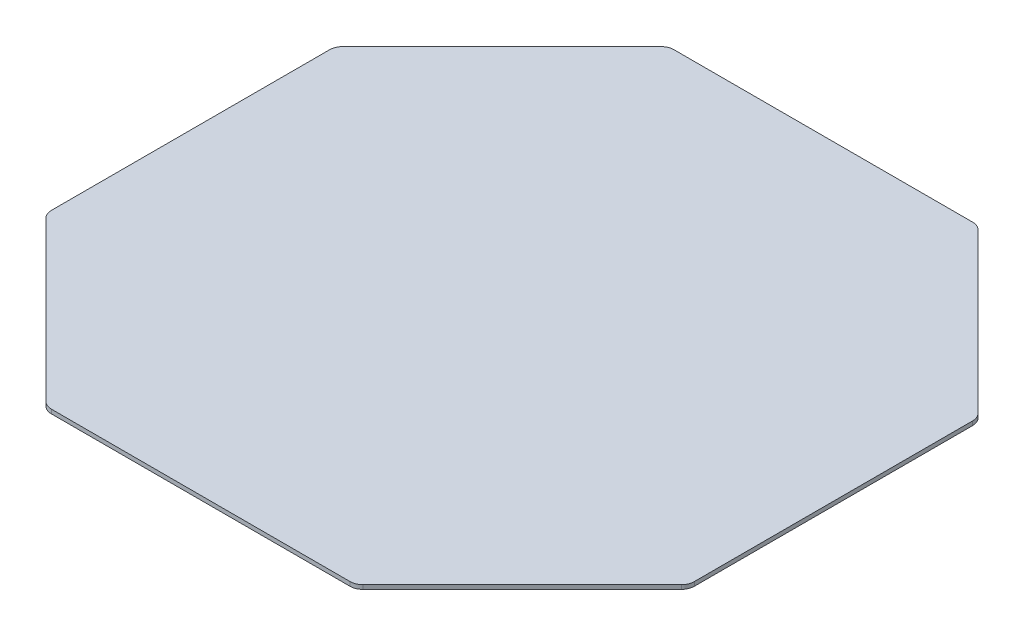
ISO-10303-21;
HEADER;
FILE_DESCRIPTION(('STEP AP214'),'2;1');
FILE_NAME('part.step','',(''),(''),'','','');
FILE_SCHEMA(('AUTOMOTIVE_DESIGN { 1 0 10303 214 1 1 1 1 }'));
ENDSEC;
DATA;
#1=APPLICATION_CONTEXT('core data for automotive mechanical design processes');
#2=APPLICATION_PROTOCOL_DEFINITION('international standard','automotive_design',2000,#1);
#3=PRODUCT_CONTEXT('',#1,'mechanical');
#4=PRODUCT('Part','Part','',(#3));
#5=PRODUCT_RELATED_PRODUCT_CATEGORY('part','',(#4));
#6=PRODUCT_DEFINITION_FORMATION('','',#4);
#7=PRODUCT_DEFINITION_CONTEXT('part definition',#1,'design');
#8=PRODUCT_DEFINITION('design','',#6,#7);
#9=PRODUCT_DEFINITION_SHAPE('','',#8);
#10=(LENGTH_UNIT() NAMED_UNIT(*) SI_UNIT(.MILLI.,.METRE.));
#11=(NAMED_UNIT(*) PLANE_ANGLE_UNIT() SI_UNIT($,.RADIAN.));
#12=(NAMED_UNIT(*) SI_UNIT($,.STERADIAN.) SOLID_ANGLE_UNIT());
#13=UNCERTAINTY_MEASURE_WITH_UNIT(LENGTH_MEASURE(1.E-05),#10,'distance_accuracy_value','');
#14=(GEOMETRIC_REPRESENTATION_CONTEXT(3) GLOBAL_UNCERTAINTY_ASSIGNED_CONTEXT((#13)) GLOBAL_UNIT_ASSIGNED_CONTEXT((#10,
#11,#12)) REPRESENTATION_CONTEXT('',''));
#15=CARTESIAN_POINT('',(0.,0.,0.));
#16=DIRECTION('',(0.,0.,1.));
#17=DIRECTION('',(1.,0.,0.));
#18=AXIS2_PLACEMENT_3D('',#15,#16,#17);
#19=CARTESIAN_POINT('',(30.5761429766666,0.8128,-61.5173390593272));
#20=DIRECTION('',(0.,0.,1.));
#21=DIRECTION('',(1.,0.,0.));
#22=AXIS2_PLACEMENT_3D('',#19,#20,#21);
#23=PLANE('',#22);
#24=DIRECTION('',(-1.,0.,0.));
#25=VECTOR('',#24,1.);
#26=CARTESIAN_POINT('',(30.5761429766666,0.,-61.5173390593272));
#27=LINE('',#26,#25);
#28=CARTESIAN_POINT('',(29.5240405282389,0.,-61.5173390593272));
#29=VERTEX_POINT('',#28);
#30=CARTESIAN_POINT('',(-29.5240405282388,0.,-61.5173390593272));
#31=VERTEX_POINT('',#30);
#32=EDGE_CURVE('E270',#29,#31,#27,.T.);
#33=ORIENTED_EDGE('',*,*,#32,.T.);
#34=DIRECTION('',(0.,-1.,0.));
#35=VECTOR('',#34,1.);
#36=CARTESIAN_POINT('',(-29.5240405282388,0.8128,-61.5173390593272));
#37=LINE('',#36,#35);
#38=CARTESIAN_POINT('',(-29.5240405282388,0.8128,-61.5173390593272));
#39=VERTEX_POINT('',#38);
#40=EDGE_CURVE('E233',#31,#39,#37,.F.);
#41=ORIENTED_EDGE('',*,*,#40,.T.);
#42=DIRECTION('',(-1.,0.,0.));
#43=VECTOR('',#42,1.);
#44=CARTESIAN_POINT('',(30.5761429766666,0.8128,-61.5173390593272));
#45=LINE('',#44,#43);
#46=CARTESIAN_POINT('',(29.5240405282389,0.8128,-61.5173390593272));
#47=VERTEX_POINT('',#46);
#48=EDGE_CURVE('E187',#47,#39,#45,.T.);
#49=ORIENTED_EDGE('',*,*,#48,.F.);
#50=DIRECTION('',(0.,-1.,0.));
#51=VECTOR('',#50,1.);
#52=CARTESIAN_POINT('',(29.5240405282389,0.8128,-61.5173390593272));
#53=LINE('',#52,#51);
#54=EDGE_CURVE('E230',#47,#29,#53,.T.);
#55=ORIENTED_EDGE('',*,*,#54,.T.);
#56=EDGE_LOOP('',(#33,#41,#49,#55));
#57=FACE_BOUND('',#56,.T.);
#58=ADVANCED_FACE('F30',(#57),#23,.F.);
#59=CARTESIAN_POINT('',(-30.5761429766665,0.8128,-61.5173390593272));
#60=DIRECTION('',(0.707106781186543,0.,0.707106781186552));
#61=DIRECTION('',(0.707106781186552,0.,-0.707106781186543));
#62=AXIS2_PLACEMENT_3D('',#59,#60,#61);
#63=PLANE('',#62);
#64=DIRECTION('',(-0.707106781186552,0.,0.707106781186543));
#65=VECTOR('',#64,1.);
#66=CARTESIAN_POINT('',(-30.5761429766665,0.,-61.5173390593272));
#67=LINE('',#66,#65);
#68=CARTESIAN_POINT('',(-31.3200917524526,0.,-60.773390283541));
#69=VERTEX_POINT('',#68);
#70=CARTESIAN_POINT('',(-62.7863902835414,0.,-29.3070917524527));
#71=VERTEX_POINT('',#70);
#72=EDGE_CURVE('E176',#69,#71,#67,.T.);
#73=ORIENTED_EDGE('',*,*,#72,.T.);
#74=DIRECTION('',(0.,-1.,0.));
#75=VECTOR('',#74,1.);
#76=CARTESIAN_POINT('',(-62.7863902835414,0.8128,-29.3070917524527));
#77=LINE('',#76,#75);
#78=CARTESIAN_POINT('',(-62.7863902835414,0.8128,-29.3070917524527));
#79=VERTEX_POINT('',#78);
#80=EDGE_CURVE('E228',#71,#79,#77,.F.);
#81=ORIENTED_EDGE('',*,*,#80,.T.);
#82=DIRECTION('',(-0.707106781186552,0.,0.707106781186543));
#83=VECTOR('',#82,1.);
#84=CARTESIAN_POINT('',(-30.5761429766665,0.8128,-61.5173390593272));
#85=LINE('',#84,#83);
#86=CARTESIAN_POINT('',(-31.3200917524526,0.8128,-60.773390283541));
#87=VERTEX_POINT('',#86);
#88=EDGE_CURVE('E288',#87,#79,#85,.T.);
#89=ORIENTED_EDGE('',*,*,#88,.F.);
#90=DIRECTION('',(0.,-1.,0.));
#91=VECTOR('',#90,1.);
#92=CARTESIAN_POINT('',(-31.3200917524526,0.8128,-60.773390283541));
#93=LINE('',#92,#91);
#94=EDGE_CURVE('E225',#87,#69,#93,.T.);
#95=ORIENTED_EDGE('',*,*,#94,.T.);
#96=EDGE_LOOP('',(#73,#81,#89,#95));
#97=FACE_BOUND('',#96,.T.);
#98=ADVANCED_FACE('F276',(#97),#63,.F.);
#99=CARTESIAN_POINT('',(-63.5303390593276,0.8128,-28.5631429766665));
#100=DIRECTION('',(1.,0.,0.));
#101=DIRECTION('',(0.,0.,-1.));
#102=AXIS2_PLACEMENT_3D('',#99,#100,#101);
#103=PLANE('',#102);
#104=DIRECTION('',(0.,0.,1.));
#105=VECTOR('',#104,1.);
#106=CARTESIAN_POINT('',(-63.5303390593276,0.,-28.5631429766665));
#107=LINE('',#106,#105);
#108=CARTESIAN_POINT('',(-63.5303390593276,0.,-27.5110405282389));
#109=VERTEX_POINT('',#108);
#110=CARTESIAN_POINT('',(-63.5303390593276,0.,27.5110405282388));
#111=VERTEX_POINT('',#110);
#112=EDGE_CURVE('E171',#109,#111,#107,.T.);
#113=ORIENTED_EDGE('',*,*,#112,.T.);
#114=DIRECTION('',(0.,-1.,0.));
#115=VECTOR('',#114,1.);
#116=CARTESIAN_POINT('',(-63.5303390593276,0.8128,27.5110405282388));
#117=LINE('',#116,#115);
#118=CARTESIAN_POINT('',(-63.5303390593276,0.8128,27.5110405282388));
#119=VERTEX_POINT('',#118);
#120=EDGE_CURVE('E149',#111,#119,#117,.F.);
#121=ORIENTED_EDGE('',*,*,#120,.T.);
#122=DIRECTION('',(0.,0.,1.));
#123=VECTOR('',#122,1.);
#124=CARTESIAN_POINT('',(-63.5303390593276,0.8128,-28.5631429766665));
#125=LINE('',#124,#123);
#126=CARTESIAN_POINT('',(-63.5303390593276,0.8128,-27.5110405282389));
#127=VERTEX_POINT('',#126);
#128=EDGE_CURVE('E287',#127,#119,#125,.T.);
#129=ORIENTED_EDGE('',*,*,#128,.F.);
#130=DIRECTION('',(0.,-1.,0.));
#131=VECTOR('',#130,1.);
#132=CARTESIAN_POINT('',(-63.5303390593276,0.8128,-27.5110405282389));
#133=LINE('',#132,#131);
#134=EDGE_CURVE('E154',#127,#109,#133,.T.);
#135=ORIENTED_EDGE('',*,*,#134,.T.);
#136=EDGE_LOOP('',(#113,#121,#129,#135));
#137=FACE_BOUND('',#136,.T.);
#138=ADVANCED_FACE('F290',(#137),#103,.F.);
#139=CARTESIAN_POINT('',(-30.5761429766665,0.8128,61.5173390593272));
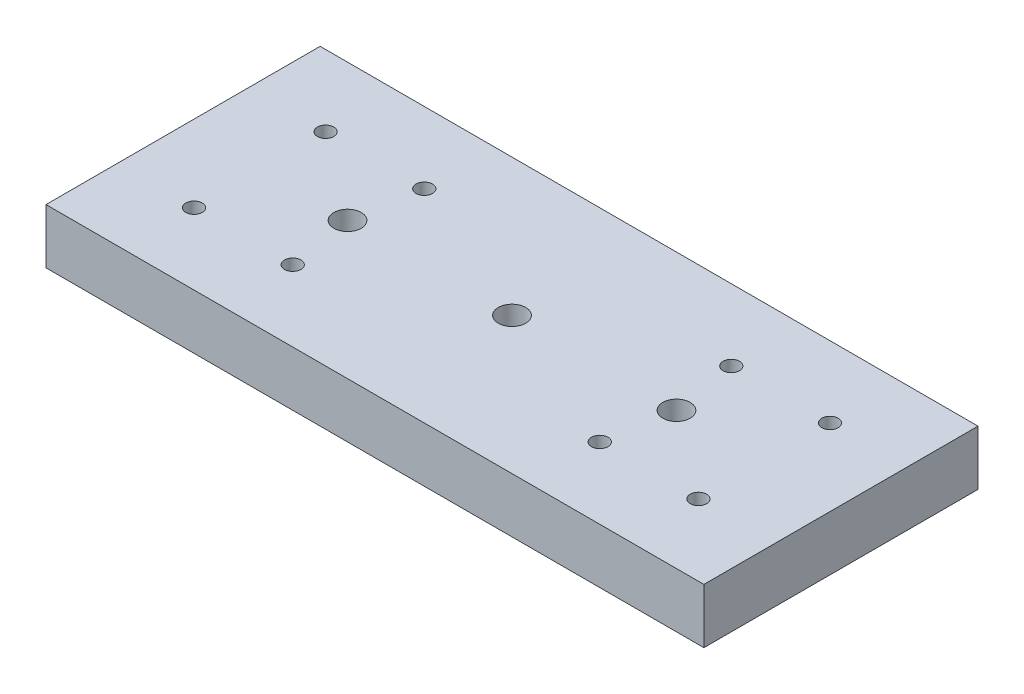
ISO-10303-21;
HEADER;
FILE_DESCRIPTION(('STEP AP214'),'2;1');
FILE_NAME('part.step','',(''),(''),'','','');
FILE_SCHEMA(('AUTOMOTIVE_DESIGN { 1 0 10303 214 1 1 1 1 }'));
ENDSEC;
DATA;
#1=APPLICATION_CONTEXT('core data for automotive mechanical design processes');
#2=APPLICATION_PROTOCOL_DEFINITION('international standard','automotive_design',2000,#1);
#3=PRODUCT_CONTEXT('',#1,'mechanical');
#4=PRODUCT('Part','Part','',(#3));
#5=PRODUCT_RELATED_PRODUCT_CATEGORY('part','',(#4));
#6=PRODUCT_DEFINITION_FORMATION('','',#4);
#7=PRODUCT_DEFINITION_CONTEXT('part definition',#1,'design');
#8=PRODUCT_DEFINITION('design','',#6,#7);
#9=PRODUCT_DEFINITION_SHAPE('','',#8);
#10=(LENGTH_UNIT() NAMED_UNIT(*) SI_UNIT(.MILLI.,.METRE.));
#11=(NAMED_UNIT(*) PLANE_ANGLE_UNIT() SI_UNIT($,.RADIAN.));
#12=(NAMED_UNIT(*) SI_UNIT($,.STERADIAN.) SOLID_ANGLE_UNIT());
#13=UNCERTAINTY_MEASURE_WITH_UNIT(LENGTH_MEASURE(1.E-05),#10,'distance_accuracy_value','');
#14=(GEOMETRIC_REPRESENTATION_CONTEXT(3) GLOBAL_UNCERTAINTY_ASSIGNED_CONTEXT((#13)) GLOBAL_UNIT_ASSIGNED_CONTEXT((#10,
#11,#12)) REPRESENTATION_CONTEXT('',''));
#15=CARTESIAN_POINT('',(0.,0.,0.));
#16=DIRECTION('',(0.,0.,1.));
#17=DIRECTION('',(1.,0.,0.));
#18=AXIS2_PLACEMENT_3D('',#15,#16,#17);
#19=CARTESIAN_POINT('',(0.,10.,0.));
#20=DIRECTION('',(0.,-1.,0.));
#21=DIRECTION('',(0.,0.,-1.));
#22=AXIS2_PLACEMENT_3D('',#19,#20,#21);
#23=CYLINDRICAL_SURFACE('',#22,2.5);
#24=CARTESIAN_POINT('',(0.,10.,0.));
#25=DIRECTION('',(0.,-1.,0.));
#26=DIRECTION('',(0.,0.,-1.));
#27=AXIS2_PLACEMENT_3D('',#24,#25,#26);
#28=CIRCLE('',#27,2.5);
#29=CARTESIAN_POINT('',(0.,10.,-2.5));
#30=VERTEX_POINT('',#29);
#31=EDGE_CURVE('E128',#30,#30,#28,.T.);
#32=ORIENTED_EDGE('',*,*,#31,.F.);
#33=EDGE_LOOP('',(#32));
#34=FACE_BOUND('',#33,.T.);
#35=CARTESIAN_POINT('',(0.,5.,0.));
#36=DIRECTION('',(0.,-1.,0.));
#37=DIRECTION('',(0.,0.,-1.));
#38=AXIS2_PLACEMENT_3D('',#35,#36,#37);
#39=CIRCLE('',#38,2.5);
#40=CARTESIAN_POINT('',(0.,5.,-2.5));
#41=VERTEX_POINT('',#40);
#42=EDGE_CURVE('E39',#41,#41,#39,.F.);
#43=ORIENTED_EDGE('',*,*,#42,.F.);
#44=EDGE_LOOP('',(#43));
#45=FACE_BOUND('',#44,.T.);
#46=ADVANCED_FACE('F35',(#34,#45),#23,.F.);
#47=CARTESIAN_POINT('',(29.9999999999984,10.,0.));
#48=DIRECTION('',(0.,-1.,0.));
#49=DIRECTION('',(0.,0.,-1.));
#50=AXIS2_PLACEMENT_3D('',#47,#48,#49);
#51=CYLINDRICAL_SURFACE('',#50,2.5);
#52=CARTESIAN_POINT('',(29.9999999999984,10.,0.));
#53=DIRECTION('',(0.,-1.,0.));
#54=DIRECTION('',(0.,0.,-1.));
#55=AXIS2_PLACEMENT_3D('',#52,#53,#54);
#56=CIRCLE('',#55,2.5);
#57=CARTESIAN_POINT('',(29.9999999999984,10.,-2.5));
#58=VERTEX_POINT('',#57);
#59=EDGE_CURVE('E123',#58,#58,#56,.T.);
#60=ORIENTED_EDGE('',*,*,#59,.F.);
#61=EDGE_LOOP('',(#60));
#62=FACE_BOUND('',#61,.T.);
#63=CARTESIAN_POINT('',(29.9999999999984,5.,0.));
#64=DIRECTION('',(0.,-1.,0.));
#65=DIRECTION('',(0.,0.,-1.));
#66=AXIS2_PLACEMENT_3D('',#63,#64,#65);
#67=CIRCLE('',#66,2.5);
#68=CARTESIAN_POINT('',(29.9999999999984,5.,-2.5));
#69=VERTEX_POINT('',#68);
#70=EDGE_CURVE('E113',#69,#69,#67,.F.);
#71=ORIENTED_EDGE('',*,*,#70,.F.);
#72=EDGE_LOOP('',(#71));
#73=FACE_BOUND('',#72,.T.);
#74=ADVANCED_FACE('F200',(#62,#73),#51,.F.);
#75=CARTESIAN_POINT('',(-30.,10.,0.));
#76=DIRECTION('',(0.,-1.,0.));
#77=DIRECTION('',(0.,0.,-1.));
#78=AXIS2_PLACEMENT_3D('',#75,#76,#77);
#79=CYLINDRICAL_SURFACE('',#78,2.5);
#80=CARTESIAN_POINT('',(-30.,10.,0.));
#81=DIRECTION('',(0.,-1.,0.));
#82=DIRECTION('',(0.,0.,-1.));
#83=AXIS2_PLACEMENT_3D('',#80,#81,#82);
#84=CIRCLE('',#83,2.5);
#85=CARTESIAN_POINT('',(-30.,10.,-2.5));
#86=VERTEX_POINT('',#85);
#87=EDGE_CURVE('E119',#86,#86,#84,.T.);
#88=ORIENTED_EDGE('',*,*,#87,.F.);
#89=EDGE_LOOP('',(#88));
#90=FACE_BOUND('',#89,.T.);
#91=CARTESIAN_POINT('',(-30.,5.,0.));
#92=DIRECTION('',(0.,-1.,0.));
#93=DIRECTION('',(0.,0.,-1.));
#94=AXIS2_PLACEMENT_3D('',#91,#92,#93);
#95=CIRCLE('',#94,2.5);
#96=CARTESIAN_POINT('',(-30.,5.,-2.5));
#97=VERTEX_POINT('',#96);
#98=EDGE_CURVE('E111',#97,#97,#95,.F.);
#99=ORIENTED_EDGE('',*,*,#98,.F.);
#100=EDGE_LOOP('',(#99));
#101=FACE_BOUND('',#100,.T.);
#102=ADVANCED_FACE('F206',(#90,#101),#79,.F.);
#103=CARTESIAN_POINT('',(-60.,10.,25.));
#104=DIRECTION('',(1.,0.,0.));
#105=DIRECTION('',(0.,0.,-1.));
#106=AXIS2_PLACEMENT_3D('',#103,#104,#105);
#107=PLANE('',#106);
#108=DIRECTION('',(0.,0.,1.));
#109=VECTOR('',#108,1.);
#110=CARTESIAN_POINT('',(-60.,0.,25.));
#111=LINE('',#110,#109);
#112=CARTESIAN_POINT('',(-60.,0.,-25.));
#113=VERTEX_POINT('',#112);
#114=CARTESIAN_POINT('',(-60.,0.,25.));
#115=VERTEX_POINT('',#114);
#116=EDGE_CURVE('E102',#113,#115,#111,.T.);
#117=ORIENTED_EDGE('',*,*,#116,.T.);
#118=DIRECTION('',(0.,-1.,0.));
#119=VECTOR('',#118,1.);
#120=CARTESIAN_POINT('',(-60.,10.,25.));
#121=LINE('',#120,#119);
#122=CARTESIAN_POINT('',(-60.,10.,25.));
#123=VERTEX_POINT('',#122);
#124=EDGE_CURVE('E11',#123,#115,#121,.T.);
#125=ORIENTED_EDGE('',*,*,#124,.F.);
#126=DIRECTION('',(0.,0.,1.));
#127=VECTOR('',#126,1.);
#128=CARTESIAN_POINT('',(-60.,10.,25.));
#129=LINE('',#128,#127);
#130=CARTESIAN_POINT('',(-60.,10.,-25.));
#131=VERTEX_POINT('',#130);
#132=EDGE_CURVE('E89',#131,#123,#129,.T.);
#133=ORIENTED_EDGE('',*,*,#132,.F.);
#134=DIRECTION('',(0.,-1.,0.));
#135=VECTOR('',#134,1.);
#136=CARTESIAN_POINT('',(-60.,10.,-25.));
#137=LINE('',#136,#135);
#138=EDGE_CURVE('E98',#131,#113,#137,.T.);
#139=ORIENTED_EDGE('',*,*,#138,.T.);
#140=EDGE_LOOP('',(#117,#125,#133,#139));
#141=FACE_BOUND('',#140,.T.);
#142=ADVANCED_FACE('F37',(#141),#107,.F.);
#143=CARTESIAN_POINT('',(60.,10.,25.));
#144=DIRECTION('',(0.,0.,-1.));
#145=DIRECTION('',(-1.,0.,0.));
#146=AXIS2_PLACEMENT_3D('',#143,#144,#145);
#147=PLANE('',#146);
#148=DIRECTION('',(1.,0.,0.));
#149=VECTOR('',#148,1.);
#150=CARTESIAN_POINT('',(60.,0.,25.));
#151=LINE('',#150,#149);
#152=CARTESIAN_POINT('',(60.,0.,25.));
#153=VERTEX_POINT('',#152);
#154=EDGE_CURVE('E93',#115,#153,#151,.T.);
#155=ORIENTED_EDGE('',*,*,#154,.T.);
#156=DIRECTION('',(0.,-1.,0.));
#157=VECTOR('',#156,1.);
#158=CARTESIAN_POINT('',(60.,10.,25.));
#159=LINE('',#158,#157);
#160=CARTESIAN_POINT('',(60.,10.,25.));
#161=VERTEX_POINT('',#160);
#162=EDGE_CURVE('E45',#161,#153,#159,.T.);
#163=ORIENTED_EDGE('',*,*,#162,.F.);
#164=DIRECTION('',(1.,0.,0.));
#165=VECTOR('',#164,1.);
#166=CARTESIAN_POINT('',(60.,10.,25.));
#167=LINE('',#166,#165);
#168=EDGE_CURVE('E84',#123,#161,#167,.T.);
#169=ORIENTED_EDGE('',*,*,#168,.F.);
#170=ORIENTED_EDGE('',*,*,#124,.T.);
#171=EDGE_LOOP('',(#155,#163,#169,#170));
#172=FACE_BOUND('',#171,.T.);
#173=ADVANCED_FACE('F92',(#172),#147,.F.);
#174=CARTESIAN_POINT('',(60.,10.,25.));
#175=DIRECTION('',(-1.,0.,0.));
#176=DIRECTION('',(0.,0.,1.));
#177=AXIS2_PLACEMENT_3D('',#174,#175,#176);
#178=PLANE('',#177);
#179=DIRECTION('',(0.,0.,-1.));
#180=VECTOR('',#179,1.);
#181=CARTESIAN_POINT('',(60.,0.,25.));
#182=LINE('',#181,#180);
#183=CARTESIAN_POINT('',(60.,0.,-25.));
#184=VERTEX_POINT('',#183);
#185=EDGE_CURVE('E71',#153,#184,#182,.T.);
#186=ORIENTED_EDGE('',*,*,#185,.T.);
#187=DIRECTION('',(0.,-1.,0.));
#188=VECTOR('',#187,1.);
#189=CARTESIAN_POINT('',(60.,10.,-25.));
#190=LINE('',#189,#188);
#191=CARTESIAN_POINT('',(60.,10.,-25.));
#192=VERTEX_POINT('',#191);
#193=EDGE_CURVE('E94',#192,#184,#190,.T.);
#194=ORIENTED_EDGE('',*,*,#193,.F.);
#195=DIRECTION('',(0.,0.,-1.));
#196=VECTOR('',#195,1.);
#197=CARTESIAN_POINT('',(60.,10.,25.));
#198=LINE('',#197,#196);
#199=EDGE_CURVE('E87',#161,#192,#198,.T.);
#200=ORIENTED_EDGE('',*,*,#199,.F.);
#201=ORIENTED_EDGE('',*,*,#162,.T.);
#202=EDGE_LOOP('',(#186,#194,#200,#201));
#203=FACE_BOUND('',#202,.T.);
#204=ADVANCED_FACE('F96',(#203),#178,.F.);
#205=CARTESIAN_POINT('',(60.,10.,-25.));
#206=DIRECTION('',(0.,0.,1.));
#207=DIRECTION('',(1.,0.,0.));
#208=AXIS2_PLACEMENT_3D('',#205,#206,#207);
#209=PLANE('',#208);
#210=DIRECTION('',(-1.,0.,0.));
#211=VECTOR('',#210,1.);
#212=CARTESIAN_POINT('',(60.,0.,-25.));
#213=LINE('',#212,#211);
#214=EDGE_CURVE('E77',#184,#113,#213,.T.);
#215=ORIENTED_EDGE('',*,*,#214,.T.);
#216=ORIENTED_EDGE('',*,*,#138,.F.);
#217=DIRECTION('',(-1.,0.,0.));
#218=VECTOR('',#217,1.);
#219=CARTESIAN_POINT('',(60.,10.,-25.));
#220=LINE('',#219,#218);
#221=EDGE_CURVE('E54',#192,#131,#220,.T.);
#222=ORIENTED_EDGE('',*,*,#221,.F.);
#223=ORIENTED_EDGE('',*,*,#193,.T.);
#224=EDGE_LOOP('',(#215,#216,#222,#223));
#225=FACE_BOUND('',#224,.T.);
#226=ADVANCED_FACE('F186',(#225),#209,.F.);
#227=CARTESIAN_POINT('',(0.,10.,0.));
#228=DIRECTION('',(0.,1.,0.));
#229=DIRECTION('',(0.,0.,1.));
#230=AXIS2_PLACEMENT_3D('',#227,#228,#229);
#231=PLANE('',#230);
#232=ORIENTED_EDGE('',*,*,#87,.T.);
#233=EDGE_LOOP('',(#232));
#234=FACE_BOUND('',#233,.T.);
#235=ORIENTED_EDGE('',*,*,#59,.T.);
#236=EDGE_LOOP('',(#235));
#237=FACE_BOUND('',#236,.T.);
#238=ORIENTED_EDGE('',*,*,#31,.T.);
#239=EDGE_LOOP('',(#238));
#240=FACE_BOUND('',#239,.T.);
#241=CARTESIAN_POINT('',(-45.9999999999993,10.,12.0000000000002));
#242=DIRECTION('',(0.,1.,0.));
#243=DIRECTION('',(0.,0.,1.));
#244=AXIS2_PLACEMENT_3D('',#241,#242,#243);
#245=CIRCLE('',#244,1.5);
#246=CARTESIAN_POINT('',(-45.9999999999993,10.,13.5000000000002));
━━━
TASK GOAL: Would you retype exactly the lines above, from the line with "#168=EDGE_CURVE('E84',#123,#161,#167,.T.);" to the line with "#178=PLANE('',#177);", with both end lines kept and nothing more?

SOLUTION BELOW:
#168=EDGE_CURVE('E84',#123,#161,#167,.T.);
#169=ORIENTED_EDGE('',*,*,#168,.F.);
#170=ORIENTED_EDGE('',*,*,#124,.T.);
#171=EDGE_LOOP('',(#155,#163,#169,#170));
#172=FACE_BOUND('',#171,.T.);
#173=ADVANCED_FACE('F92',(#172),#147,.F.);
#174=CARTESIAN_POINT('',(60.,10.,25.));
#175=DIRECTION('',(-1.,0.,0.));
#176=DIRECTION('',(0.,0.,1.));
#177=AXIS2_PLACEMENT_3D('',#174,#175,#176);
#178=PLANE('',#177);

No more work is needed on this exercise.